#### EXERCISE REQUIREMENTS
Search the listing below, and show each line that includes the word "here".

*** Opening TASK INPUT ***

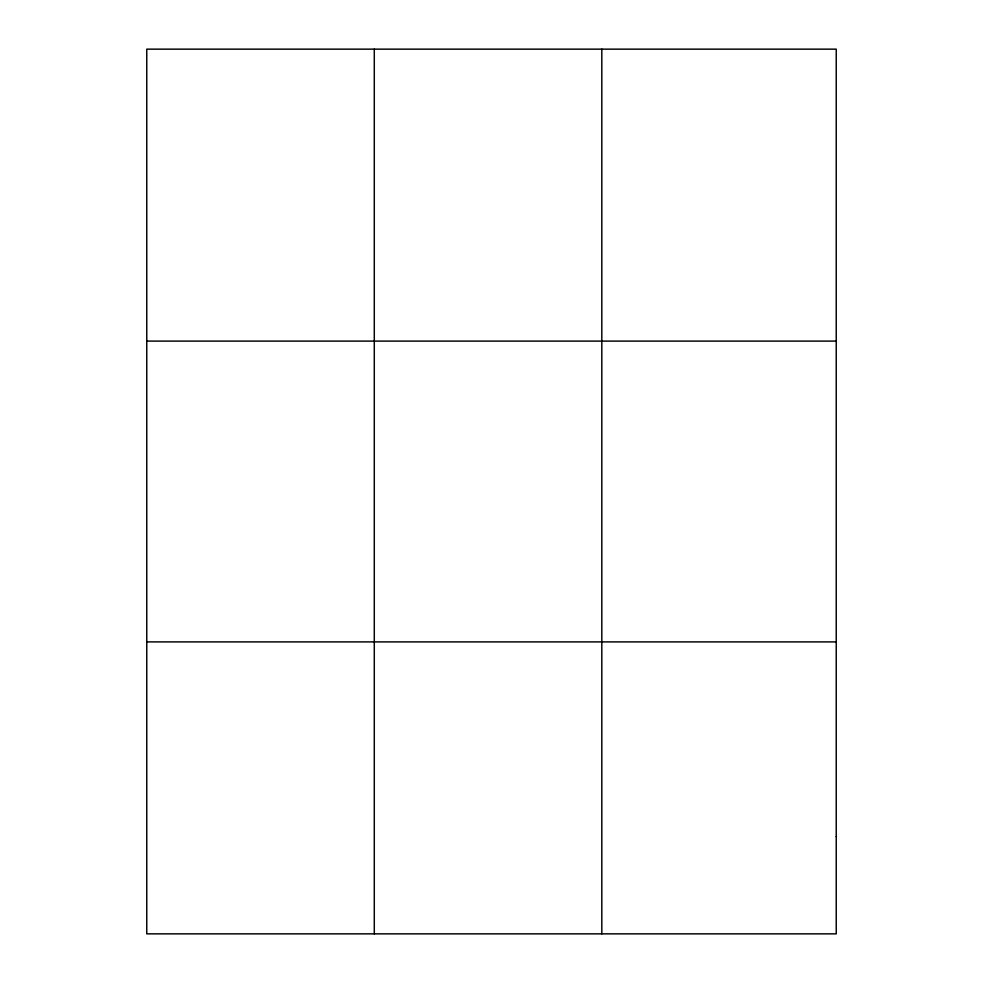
<?xml version="1.0" encoding="UTF-8"?>
<svg xmlns="http://www.w3.org/2000/svg" width="983" height="983" viewBox="0 0 983 983"><rect width="100%" height="100%" fill="white"/><g stroke="black" fill="none" stroke-linecap="round" stroke-linejoin="round"><path stroke-width="1.47" d="M374.29 933.85L374.29 49.15M601.817 933.85L601.817 49.15M146.762 341.101L836.238 341.101M146.762 641.899L836.238 641.899M836.238 836.533L836.238 933.85L146.762 933.85L146.762 49.15L836.238 49.15L836.238 836.533"/></g></svg>
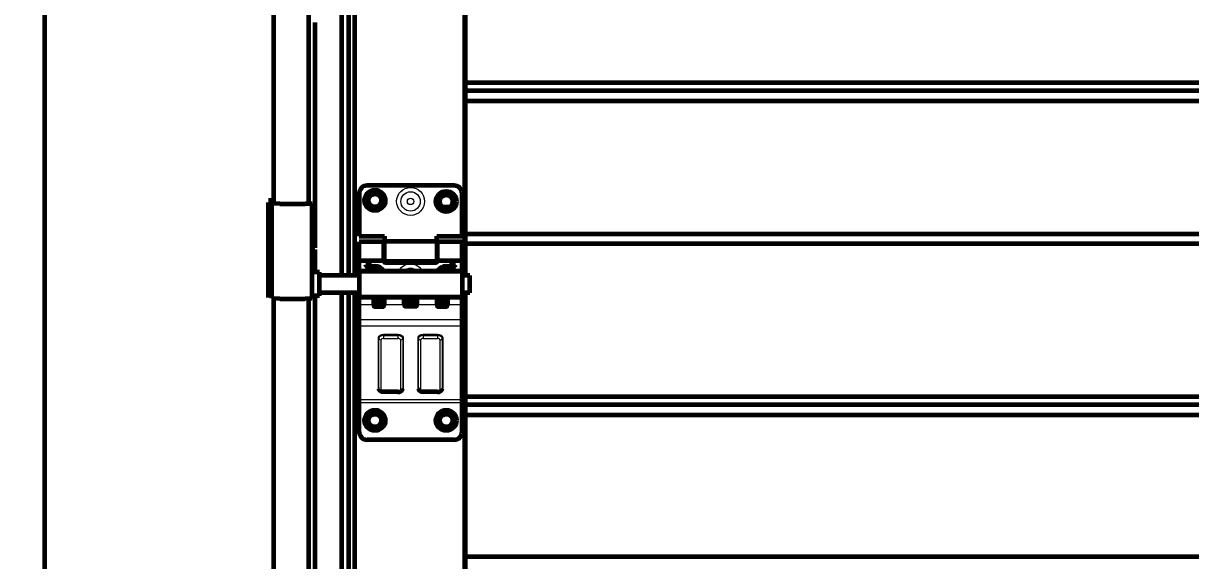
# Model space of a CAD drawing. Header units: millimetres. Extents: x 0 to 840, y 0 to 594.
# Drawn here: x 50.47 to 99.6, y 501.27 to 523.9 of the extents above; entities that cross this region are included whole.
import ezdxf

# ---------------------------------------------------------------- set-up
doc = ezdxf.new("R2010")
doc.units = ezdxf.units.MM
doc.linetypes.add('K5LT_BASIC', pattern=[0])
doc.linetypes.add('K5LT_THIN', pattern=[0])
doc.layers.add('Системный слой', color=7, linetype='Continuous')
doc.styles.add('KDIMTEXTSTYLE', font='GOST_AU.SHX', dxfattribs={"width": 0.96, "oblique": 15, "height": 5})
doc.dimstyles.new('KDIMSTYLE (0.07)', dxfattribs={"dimtxt": 5, "dimasz": 1, "dimexe": 2, "dimexo": 0, "dimgap": 1, "dimtad": 1, "dimlfac": 15, "dimtxsty": 'KDIMTEXTSTYLE', "dimsah": 1, "dimcen": 0, "dimdle": 1, "dimadec": 0, "dimazin": 0, "dimtfac": 0.667, "dimtmove": 0, "dimatfit": 3, "dimfxl": 1, "dimtvp": 1, "dimtolj": 1, "dimtzin": 0, "dimarcsym": 0})

# ---------------------------------------------------------------- blocks, each defined once
blk = doc.blocks.new('U0')
at = {"layer": 'Системный слой', "color": 5, "linetype": 'K5LT_BASIC', "lineweight": 60, "true_color": 0x0000ff}
blk.add_line((51.363, 560.464), (51.363, 411.478), dxfattribs=at)
blk = doc.blocks.new('KDIMARROW_01')
at = {"layer": 'Системный слой'}
blk.add_hatch(color=0, dxfattribs=at).paths.add_polyline_path([(0, 0), (-5, 0.658), (-4.5, 0), (-5, -0.658)])
at = {"layer": 'Системный слой', "color": 0, "linetype": 'K5LT_THIN', "lineweight": 18}
for p, q in [((-4.5, 0), (-5, 0.658)), ((-5, 0.658), (0, 0)), ((0, 0), (-5, -0.658)), ((-5, -0.658), (-4.5, 0)), ((0, 0), (-1, 0))]:
    blk.add_line(p, q, dxfattribs=at)

msp = doc.modelspace()

# ---------------------------------------------------------------- linework, layer by layer
at = {"layer": 'Системный слой', "color": 5, "linetype": 'K5LT_BASIC', "lineweight": 60, "true_color": 0x0000ff}
for p, q in [((63.87945, 513.28472), (63.87945, 545.82951)), ((64.15418, 545.82951), (64.15418, 513.28472)), ((69.03595, 545.82951), (69.03595, 515.01859)), ((69.06929, 545.82951), (69.06929, 515.01859)), ((61.00305, 544.22998), (61.00305, 523.86303)), ((62.46971, 543.66123), (62.46971, 523.84318)), ((64.40262, 536.93947), (64.40262, 515.00847)), ((61.00305, 523.86303), (61.00305, 516.31678)), ((62.46971, 523.84318), (62.46971, 516.30918)), ((62.73638, 523.94504), (62.73638, 514.44705)), ((148.73595, 521.39554), (69.06929, 521.39554)), ((148.73595, 521.0622), (69.06929, 521.0622)), ((148.73595, 520.62887), (69.06929, 520.62887)), ((68.60262, 517.06806), (64.93595, 517.06806)), ((60.78971, 516.45076), (60.78971, 516.45074)), ((60.78971, 516.45076), (60.92305, 516.45076)), ((60.92305, 516.45076), (60.92305, 516.45074)), ((64.60262, 516.73472), (64.60262, 514.93472)), ((64.88439, 516.44596), (65.07684, 516.77929)), ((65.07684, 516.11262), (64.88439, 516.44596)), ((65.07684, 516.77929), (65.46174, 516.77929)), ((65.46174, 516.77929), (65.65419, 516.44596)), ((65.46174, 516.11262), (65.65419, 516.44596)), ((67.88439, 516.40139), (68.07684, 516.73472)), ((68.07684, 516.06806), (67.88439, 516.40139)), ((68.07684, 516.73472), (68.46174, 516.73472)), ((68.46174, 516.73472), (68.65419, 516.40139)), ((68.46174, 516.06806), (68.65419, 516.40139)), ((68.93595, 514.93472), (68.93595, 516.73472)), ((60.78971, 513.11562), (60.78971, 516.35587)), ((60.92305, 516.3215), (60.92305, 516.35587)), ((60.92305, 512.32226), (60.92305, 516.3215)), ((61.26723, 516.30452), (60.97926, 516.31656)), ((62.22424, 516.30347), (62.52375, 516.31043)), ((62.62589, 516.30876), (62.32638, 516.3018)), ((62.52375, 516.31043), (62.62589, 516.30876)), ((62.62589, 512.30952), (62.62589, 516.30876)), ((65.03124, 516.16806), (65.50733, 516.16806)), ((65.46174, 516.11262), (65.07684, 516.11262)), ((68.03124, 516.16806), (68.50733, 516.16806)), ((68.50733, 516.05665), (68.03124, 516.05665)), ((68.46174, 516.06806), (68.07684, 516.06806)), ((64.40262, 515.00847), (64.40262, 513.28472)), ((64.60262, 514.93472), (65.66929, 514.93472)), ((65.66929, 514.93472), (65.66929, 514.71139)), ((67.86929, 514.93472), (68.93595, 514.93472)), ((67.86929, 514.71139), (67.86929, 514.93472)), ((146.59055, 515.01859), (68.93595, 515.01859)), ((69.03595, 515.01859), (69.03595, 513.28472)), ((69.06929, 515.01859), (69.06929, 513.28472)), ((62.62589, 514.44705), (62.73638, 514.44705)), ((64.60262, 513.89472), (64.60262, 514.69472)), ((65.63595, 514.69472), (64.60262, 514.69472)), ((65.63595, 514.69472), (65.63595, 513.89472)), ((65.66929, 514.52806), (65.63595, 514.52806)), ((65.66929, 513.87806), (65.66929, 514.71139)), ((67.86929, 514.71139), (65.66929, 514.71139)), ((67.86929, 514.71139), (67.86929, 513.87806)), ((67.90262, 514.52806), (67.86929, 514.52806)), ((68.93595, 514.69472), (67.90262, 514.69472)), ((67.90262, 513.89472), (67.90262, 514.69472)), ((68.93595, 513.89472), (68.93595, 514.69472)), ((146.56929, 514.61612), (68.93595, 514.61612)), ((62.73638, 514.3737), (62.62589, 514.3737)), ((62.62589, 514.37214), (62.73638, 514.37214)), ((62.73638, 514.37214), (62.73638, 514.3737)), ((62.73638, 514.37214), (62.73638, 513.41806)), ((65.66929, 514.06139), (65.63595, 514.06139)), ((67.90262, 514.06139), (67.86929, 514.06139)), ((65.63595, 513.89472), (64.60262, 513.89472)), ((64.60262, 513.46139), (64.60262, 513.89472)), ((64.60262, 513.46139), (68.93595, 513.46139)), ((64.60262, 513.46139), (64.60262, 512.37472)), ((68.93595, 513.46139), (64.60262, 513.46139)), ((64.60262, 513.46139), (64.60262, 512.37472)), ((64.87937, 513.7128), (64.89596, 513.7128)), ((64.96447, 513.7128), (64.89596, 513.7128)), ((65.06929, 513.68139), (64.93595, 513.68139)), ((65.01585, 513.7128), (64.96447, 513.7128)), ((65.00867, 513.46139), (65.07684, 513.57947)), ((65.01585, 513.7128), (65.12587, 513.7128)), ((65.07684, 513.57947), (65.46174, 513.57947)), ((65.46174, 513.57947), (65.52991, 513.46139)), ((67.86929, 513.87806), (65.66929, 513.87806)), ((65.70262, 513.82806), (67.83595, 513.82806)), ((68.93595, 513.89472), (67.90262, 513.89472)), ((68.00867, 513.46139), (68.07684, 513.57947)), ((68.07684, 513.57947), (68.46174, 513.57947)), ((68.41271, 513.7128), (68.6592, 513.7128)), ((68.46174, 513.57947), (68.52991, 513.46139)), ((68.60262, 513.68139), (68.46929, 513.68139)), ((68.93595, 513.46139), (68.93595, 513.89472)), ((68.93595, 513.46139), (68.93595, 512.37472)), ((68.93595, 513.46139), (68.93595, 512.37472)), ((69.06929, 513.7128), (69.03595, 513.7128)), ((60.78971, 512.35663), (60.78971, 513.11562)), ((62.93595, 513.41806), (62.62589, 513.41806)), ((62.93595, 512.41806), (62.93595, 513.41806)), ((64.60262, 513.28472), (62.93595, 513.28472)), ((69.26929, 513.28472), (68.93595, 513.28472)), ((69.26929, 512.55139), (69.26929, 513.28472)), ((64.60262, 512.55139), (62.93595, 512.55139)), ((63.87945, 479.88472), (63.87945, 512.55139)), ((64.15418, 512.55139), (64.15418, 479.88472)), ((64.40262, 512.55139), (64.40262, 481.5818)), ((69.26929, 512.55139), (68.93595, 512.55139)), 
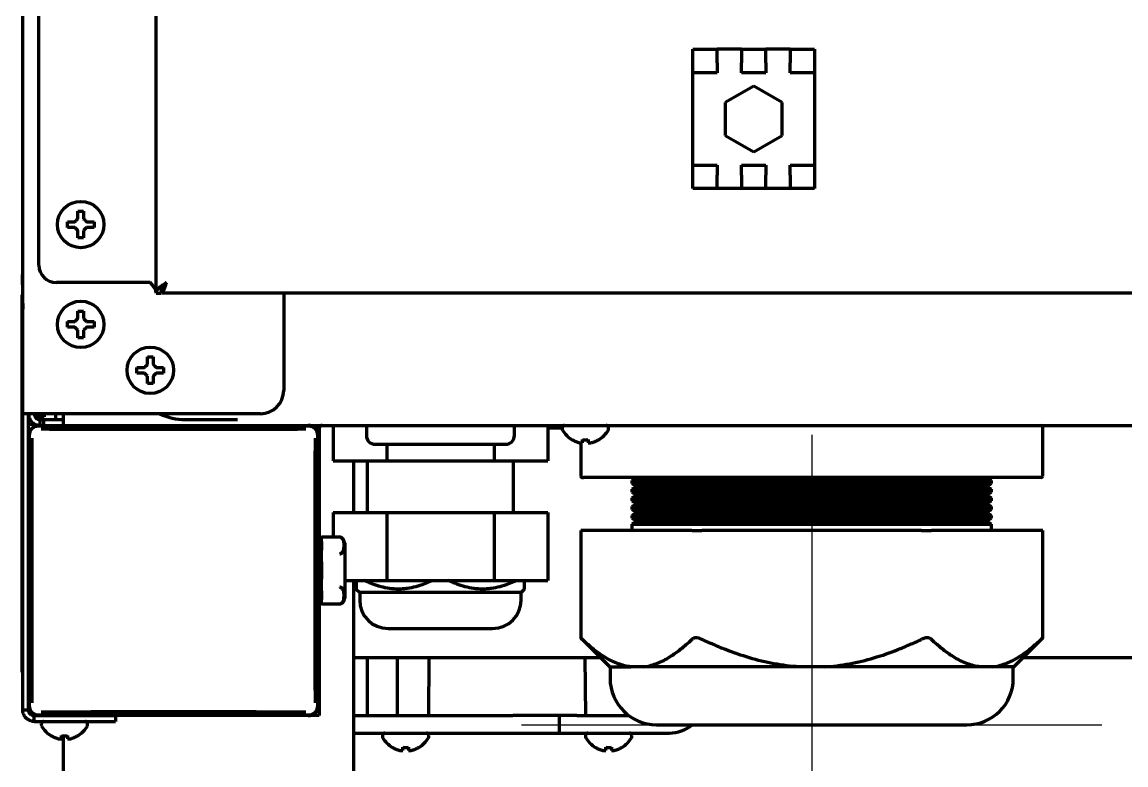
# Model space of a CAD drawing. Header units: inches. Extents: x -2405 to 7588, y 441 to 5654.
# Drawn here: x 6659 to 6849.2, y 2376.6 to 2504.6 of the extents above; entities that cross this region are included whole.
import ezdxf

# ---------------------------------------------------------------- set-up
doc = ezdxf.new("R2010")
doc.units = ezdxf.units.IN

# ---------------------------------------------------------------- blocks, each defined once
blk = doc.blocks.new('A$C29D5572B')
at = {"color": 1}
for p, q in [((0, 50), (0, -50)), ((-50, 0), (50, 0))]:
    blk.add_line(p, q, dxfattribs=at)
blk = doc.blocks.new('A$C0F8E2EAE')
blk.add_blockref('A$C29D5572B', (0, 0))

msp = doc.modelspace()

# ---------------------------------------------------------------- linework, layer by layer
at = {"linetype": 'Continuous', "lineweight": 70}
for p, q in [((6659.08, 2437.13), (6659.08, 4088.65)), ((6682.08, 2457.93), (6682.08, 2775.73)), ((6661.88, 2462.73), (6661.88, 2771.43)), ((6774.58, 2495.88), (6774.58, 2499.93)), ((6774.58, 2499.93), (6778.78, 2499.93)), ((6778.78, 2497.59), (6778.78, 2499.93)), ((6782.98, 2499.93), (6778.78, 2499.93)), ((6782.98, 2499.93), (6787.18, 2499.93)), ((6782.98, 2499.93), (6782.98, 2497.59)), ((6787.18, 2497.59), (6787.18, 2499.93)), ((6791.38, 2499.93), (6787.18, 2499.93)), ((6791.38, 2499.93), (6795.58, 2499.93)), ((6791.38, 2499.93), (6791.38, 2497.59)), ((6795.58, 2499.93), (6795.58, 2495.88)), ((6778.78, 2497.59), (6778.78, 2495.88)), ((6782.98, 2495.88), (6782.98, 2497.59)), ((6787.18, 2497.59), (6787.18, 2495.88)), ((6791.38, 2495.88), (6791.38, 2497.59)), ((6774.58, 2494.43), (6774.58, 2495.88)), ((6778.78, 2495.88), (6774.58, 2495.88)), ((6787.18, 2495.88), (6782.98, 2495.88)), ((6795.58, 2495.88), (6791.38, 2495.88)), ((6795.58, 2495.88), (6795.58, 2494.43)), ((6774.58, 2481.43), (6774.58, 2494.43)), ((6785.08, 2493.58), (6780.19, 2490.75)), ((6789.97, 2490.75), (6785.08, 2493.58)), ((6795.58, 2494.43), (6795.58, 2481.43)), ((6780.19, 2490.75), (6780.19, 2485.1)), ((6789.97, 2485.1), (6789.97, 2490.75)), ((6780.19, 2485.1), (6785.08, 2482.28)), ((6785.08, 2482.28), (6789.97, 2485.1)), ((6774.58, 2479.98), (6774.58, 2481.43)), ((6795.58, 2481.43), (6795.58, 2479.98)), ((6774.58, 2479.98), (6778.78, 2479.98)), ((6774.58, 2475.93), (6774.58, 2479.98)), ((6778.78, 2479.98), (6778.78, 2478.27)), ((6782.98, 2478.27), (6782.98, 2479.98)), ((6782.98, 2479.98), (6787.18, 2479.98)), ((6787.18, 2479.98), (6787.18, 2478.27)), ((6791.38, 2479.98), (6795.58, 2479.98)), ((6791.38, 2478.27), (6791.38, 2479.98)), ((6795.58, 2479.98), (6795.58, 2475.93)), ((6778.78, 2475.93), (6778.78, 2478.27)), ((6782.98, 2478.27), (6782.98, 2475.93)), ((6787.18, 2475.93), (6787.18, 2478.27)), ((6791.38, 2478.27), (6791.38, 2475.93)), ((6778.78, 2475.93), (6774.58, 2475.93)), ((6782.98, 2475.93), (6778.78, 2475.93)), ((6787.18, 2475.93), (6782.98, 2475.93)), ((6791.38, 2475.93), (6787.18, 2475.93)), ((6795.58, 2475.93), (6791.38, 2475.93)), ((6666.78, 2469.73), (6666.78, 2470.23)), ((6666.78, 2469.23), (6666.78, 2469.73)), ((6671.38, 2470.23), (6671.38, 2469.73)), ((6671.38, 2469.73), (6671.38, 2469.23)), ((6659.08, 2461.13), (6658.97, 2461.13)), ((6658.97, 2461.13), (6659.04, 2457.63)), ((6681.08, 2459.73), (6664.88, 2459.73)), ((6682.98, 2457.93), (6682.98, 2458.43)), ((6658.99, 2455.63), (6658.99, 2457.63)), ((6658.99, 2457.63), (6659.04, 2457.63)), ((6659.04, 2457.63), (6659.04, 2455.63)), ((6659.04, 2457.19), (6659.08, 2455.13)), ((6682.08, 2457.93), (6682.88, 2457.93)), ((7527.18, 2457.93), (6682.98, 2457.93)), ((6704.08, 2457.93), (6704.08, 2441.13)), ((6658.99, 2394.63), (6658.99, 2455.63)), ((6659.04, 2455.63), (6659.04, 2394.63)), ((6659.04, 2455.13), (6659.08, 2455.13)), ((6666.78, 2452.53), (6666.78, 2453.03)), ((6671.38, 2453.03), (6671.38, 2452.53)), ((6666.78, 2452.03), (6666.78, 2452.53)), ((6671.38, 2452.53), (6671.38, 2452.03)), ((6678.78, 2444.63), (6678.78, 2445.13)), ((6683.38, 2445.13), (6683.38, 2444.63)), ((6678.78, 2444.13), (6678.78, 2444.63)), ((6683.38, 2444.63), (6683.38, 2444.13)), ((6661.08, 2437.13), (6659.08, 2437.13)), ((6659.08, 2386.13), (6659.08, 2437.13)), ((6660.08, 2386.13), (6660.08, 2437.13)), ((6700.08, 2437.13), (6661.08, 2437.13)), ((6661.58, 2436.63), (6661.58, 2437.13)), ((6661.58, 2436.63), (6662.78, 2436.63)), ((6662.08, 2436.13), (6662.75, 2436.13)), ((6662.08, 2435.13), (6662.08, 2436.13)), ((6662.75, 2436.13), (6666.08, 2436.13)), ((6662.75, 2435.13), (6662.75, 2436.13)), ((6662.78, 2437.13), (6662.78, 2436.63)), ((6664.78, 2436.13), (6664.78, 2437.13)), ((6666.08, 2437.13), (6666.08, 2435.13)), ((6687.08, 2436.13), (6694.08, 2436.13)), ((6694.08, 2436.13), (6696.08, 2436.13)), ((6660.08, 2435.33), (6661.08, 2435.33)), ((6708.35, 2435), (6661.8, 2435)), ((6661.88, 2435.13), (6662.08, 2435.13)), ((6662.08, 2435.13), (6662.75, 2435.13)), ((6662.75, 2435.13), (6666.08, 2435.13)), ((6666.08, 2435.13), (7544.08, 2435.13)), ((6709.25, 2434.73), (6710.08, 2434.73)), ((6710.08, 2433.33), (6710.08, 2434.73)), ((6710.18, 2434.63), (6710.18, 2414.73)), ((6712.58, 2435.13), (6712.58, 2429.03)), ((6718.33, 2435.13), (6718.33, 2433.38)), ((6743.83, 2433.38), (6743.83, 2435.13)), ((6749.58, 2435.13), (6749.58, 2429.03)), ((6749.58, 2434.73), (6752.08, 2434.73)), ((6752.08, 2434.73), (6752.08, 2434.53)), ((6760.08, 2434.53), (6760.08, 2434.73)), ((6834.9, 2426.38), (6834.9, 2434.88)), ((6660.08, 2386.93), (6660.08, 2433.33)), ((6660.2, 2433.4), (6660.2, 2386.85)), ((6709.95, 2386.85), (6709.95, 2433.4)), ((6710.08, 2433.33), (6710.08, 2386.93)), ((6719.83, 2431.88), (6742.33, 2431.88)), ((6721.83, 2431.88), (6721.83, 2429.03)), ((6740.33, 2431.88), (6740.33, 2429.03)), ((6753.78, 2432.65), (6753.78, 2432.68)), ((6755.26, 2432.12), (6755.26, 2426.38)), ((6758.38, 2432.68), (6758.38, 2432.65)), ((6712.58, 2429.03), (6721.83, 2429.03)), ((6716.08, 2429.03), (6716.08, 2420.13)), ((6718.45, 2429.03), (6718.45, 2420.13)), ((6721.83, 2429.03), (6740.33, 2429.03)), ((6740.33, 2429.03), (6749.58, 2429.03)), ((6743.7, 2420.13), (6743.7, 2429.03)), ((6755.51, 2426.13), (6755.75, 2426.13)), ((6774.66, 2426.13), (6755.75, 2426.13)), ((6764.95, 2426.13), (6764.08, 2425.63)), ((6776.17, 2426.13), (6774.66, 2426.13)), ((6813.99, 2426.13), (6776.17, 2426.13)), ((6815.5, 2426.13), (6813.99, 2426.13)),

*** Closing TASK INPUT ***

#### OUTPUT FOR THIS TASK
# Drawn here: x 50.47 to 99.6, y 501.27 to 523.9 of the extents above; entities that cross this region are included whole.
# Drawn here: x 6659 to 6849.2, y 2376.6 to 2504.6 of the extents above; entities that cross this region are included whole.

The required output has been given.